The tragedy Le Triumvirat is one of five adaptations of a model by the writer and later censor Prosper Jolyot Crébillon, who was hated by Voltaire . As Voltaire frankly admits in the foreword, he was not concerned with the correct representation of historical references, but rather with the exemplary demonstration of Roman virtues, a practice that he called Verité thêatrale (theater truth ). Le Triumvirat was created in 1763 at the height of Voltaire's commitment to tolerance and, through the treatment of the Roman proscriptions, suggests temporal references to the practice of expelling and exiling the Reformed.

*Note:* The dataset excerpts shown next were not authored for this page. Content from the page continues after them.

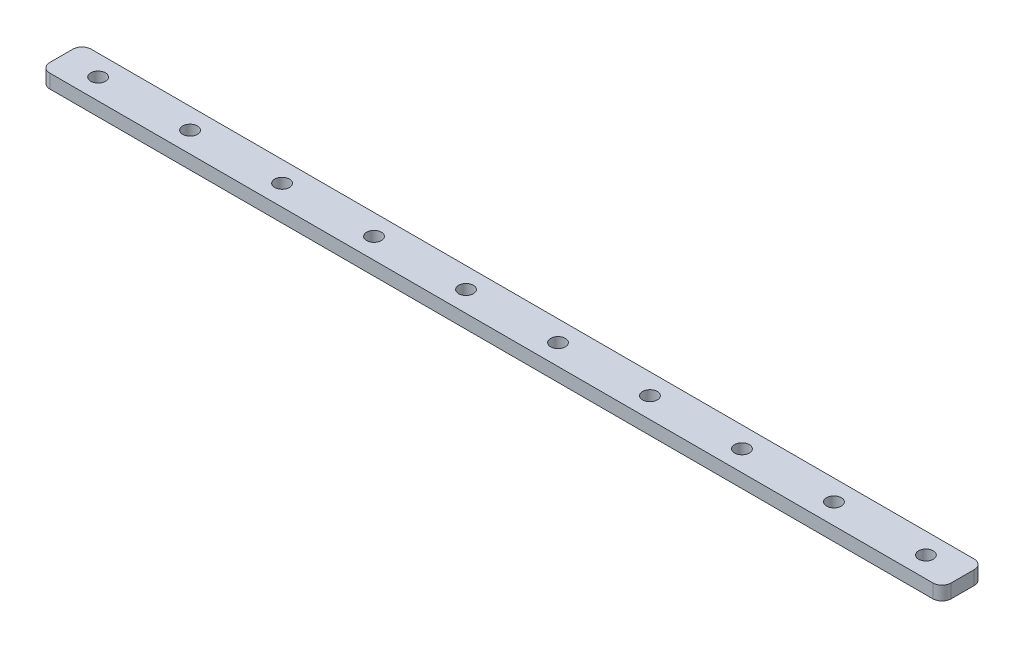
SolidWorks part; units mm, degrees
material "A-玻璃纤维"
ref_plane "前视基准面" through (0, 0, 0) normal (0, 0, 1) x (1, 0, 0)
ref_plane "上视基准面" through (0, 0, 0) normal (0, 1, 0) x (1, 0, 0)
ref_plane "右视基准面" through (0, 0, 0) normal (1, 0, 0) x (0, 0, -1)
sketch "草图1" plane through (0, 0, 0) normal (0, 1, 0) x (1, 0, 0)
  line L0 (0, 4.5) -> (8, 4.5) construction
  line L1 (0, 0) -> (196, 0)
  line L2 (0, 0) -> (0, 9)
  line L3 (0, 9) -> (196, 9)
  line L4 (196, 0) -> (196, 9)
  circle A0 centre (8, 4.5) radius 1.6
  circle A1 centre (28, 4.5) radius 1.6
  circle A2 centre (48, 4.5) radius 1.6
  circle A3 centre (68, 4.5) radius 1.6
  circle A4 centre (88, 4.5) radius 1.6
  circle A5 centre (108, 4.5) radius 1.6
  circle A6 centre (128, 4.5) radius 1.6
  circle A7 centre (148, 4.5) radius 1.6
  circle A8 centre (168, 4.5) radius 1.6
  circle A9 centre (188, 4.5) radius 1.6
  dimension "D2" = 3.2
  dimension "D5" = 8
  dimension "D6" = 40
  dimension "D1" = 9
  dimension "D3" = 8
  dimension "D4" = 10
extrude "凸台-拉伸1" add sketch "草图1" along normal blind 3
fillet "圆角1" radius 2 4 edges at (0, 1.5, -9) (0, 1.5, 0) (196, 1.5, -9) (196, 1.5, 0)

Performances and contemporary reception

Le Triumvirat was premiered once, anonymously after Friedrich Melchior Grimm, on July 5, 1764 in the Comédie-Française . Voltaire withdrew the piece for adaptation immediately after the premiere.

Going to press

Voltaire got the printing from Lacombe in Paris in the autumn of 1766 . It was published at the end of the same year with the indication 1767. Friedrich II. Received a revised copy of the manuscript in early November 1766.

Addition

In addition to a short explanatory foreword, Voltaire added two important prose texts in the appendix: Du gouvernement et de la divinité d'Auguste and Des conspirations contre les peuples ou Des proscriptions . Both texts were later included in the Questions sur l'Encyclopédie and therefore no longer added to the tragedy by the editors of the Kehl edition.

First edition

  • Octave et le jeune Pompée ou le Triumvirat , Chez Lacombe, Amsterdam and Paris, 1767, 180 pp. [1]

literature

  • Manuel Couvreur: Triumvirate (Le) In: Raymond Trousson, Jeroom Vercruysse, Jacques Lemaire (eds.): Dictionnaire Voltaire. Hachette Livre, Paris 1994, pp. 238f.
  • Siegfried Detemple: Octavian and the young Pompeius, in: Voltaire: The works. 300th birthday catalog. Reichert, Wiesbaden 1994, pp. 171f.

Individual evidence

  1. See Siegfried Detemple: Octavian and the young Pompeius, in: Voltaire: The works. 300th birthday catalog. Reichert, Wiesbaden 1994, pp. 171f.
  2. Manuel Couvreur: Le Triumvirat In: Raymond Trousson, Jeroom Vercruysse, Jacques Lemaire (ed.): Dictionnaire Voltaire. Hachette Livre, Paris 1994, p. 238.
  3. Manuel Couvreur: Le Triumvirat In: Raymond Trousson, Jeroom Vercruysse, Jacques Lemaire (ed.): Dictionnaire Voltaire. Hachette Livre, Paris 1994, p. 238.
  4. See Siegfried Detemple: Octavian and the young Pompeius, in: Voltaire: The works. 300th birthday catalog. Reichert, Wiesbaden 1994, p. 172.
  5. Avertissement des Éditeurs, in: Kehler Werkausgabe: Oeuvres completes de Voltaire, Volume 5, Kehl 1784, pp. 95f.